PROBLEM: Using the listing below, extract each line that has the word "Standard" in it.
Top of EXERCISE DATA
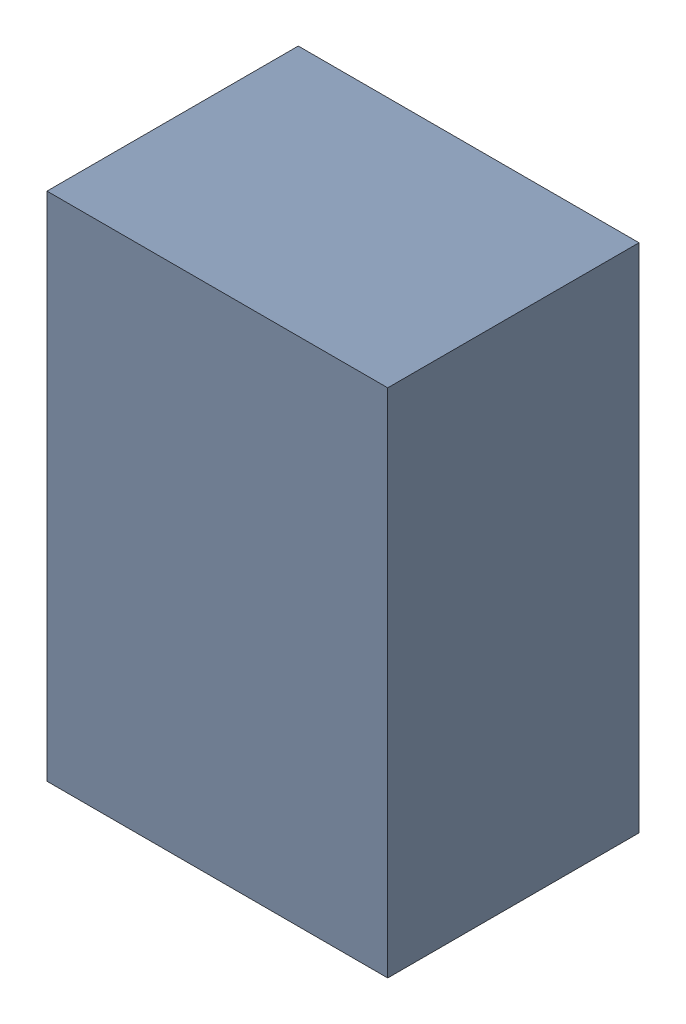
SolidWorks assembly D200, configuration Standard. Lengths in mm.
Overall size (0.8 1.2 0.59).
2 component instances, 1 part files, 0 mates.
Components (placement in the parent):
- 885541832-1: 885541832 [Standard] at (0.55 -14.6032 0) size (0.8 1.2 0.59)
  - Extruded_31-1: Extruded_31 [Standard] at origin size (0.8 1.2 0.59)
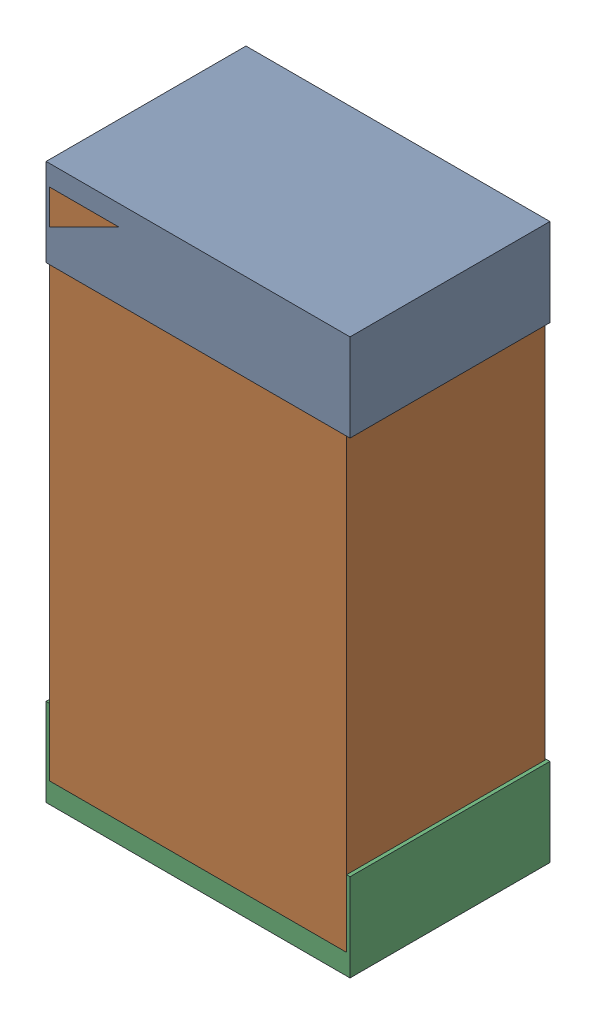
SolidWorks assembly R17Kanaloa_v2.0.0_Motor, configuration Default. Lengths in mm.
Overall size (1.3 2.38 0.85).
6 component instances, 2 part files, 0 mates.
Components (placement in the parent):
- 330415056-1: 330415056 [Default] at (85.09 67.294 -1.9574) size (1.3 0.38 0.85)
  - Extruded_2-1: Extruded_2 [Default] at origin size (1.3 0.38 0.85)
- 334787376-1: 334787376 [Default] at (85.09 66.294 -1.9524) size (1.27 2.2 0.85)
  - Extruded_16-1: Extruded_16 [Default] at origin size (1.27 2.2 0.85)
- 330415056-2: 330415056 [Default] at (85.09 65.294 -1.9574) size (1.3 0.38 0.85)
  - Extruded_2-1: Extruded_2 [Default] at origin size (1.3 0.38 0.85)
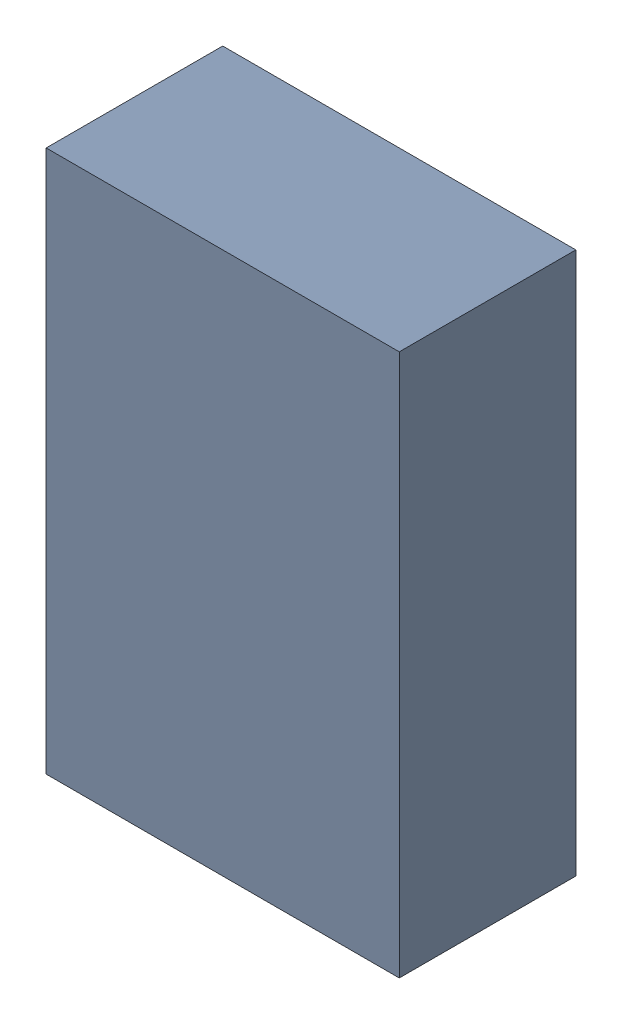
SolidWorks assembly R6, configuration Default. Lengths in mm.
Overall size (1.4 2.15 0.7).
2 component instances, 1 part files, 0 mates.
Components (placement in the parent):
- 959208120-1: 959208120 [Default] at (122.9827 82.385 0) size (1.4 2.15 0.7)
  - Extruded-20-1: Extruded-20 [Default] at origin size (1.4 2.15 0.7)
Bottom of EXERCISE DATA
YOUR SOLUTION:
SolidWorks assembly D200, configuration Standard. Lengths in mm.
- 885541832-1: 885541832 [Standard] at (0.55 -14.6032 0) size (0.8 1.2 0.59)
  - Extruded_31-1: Extruded_31 [Standard] at origin size (0.8 1.2 0.59)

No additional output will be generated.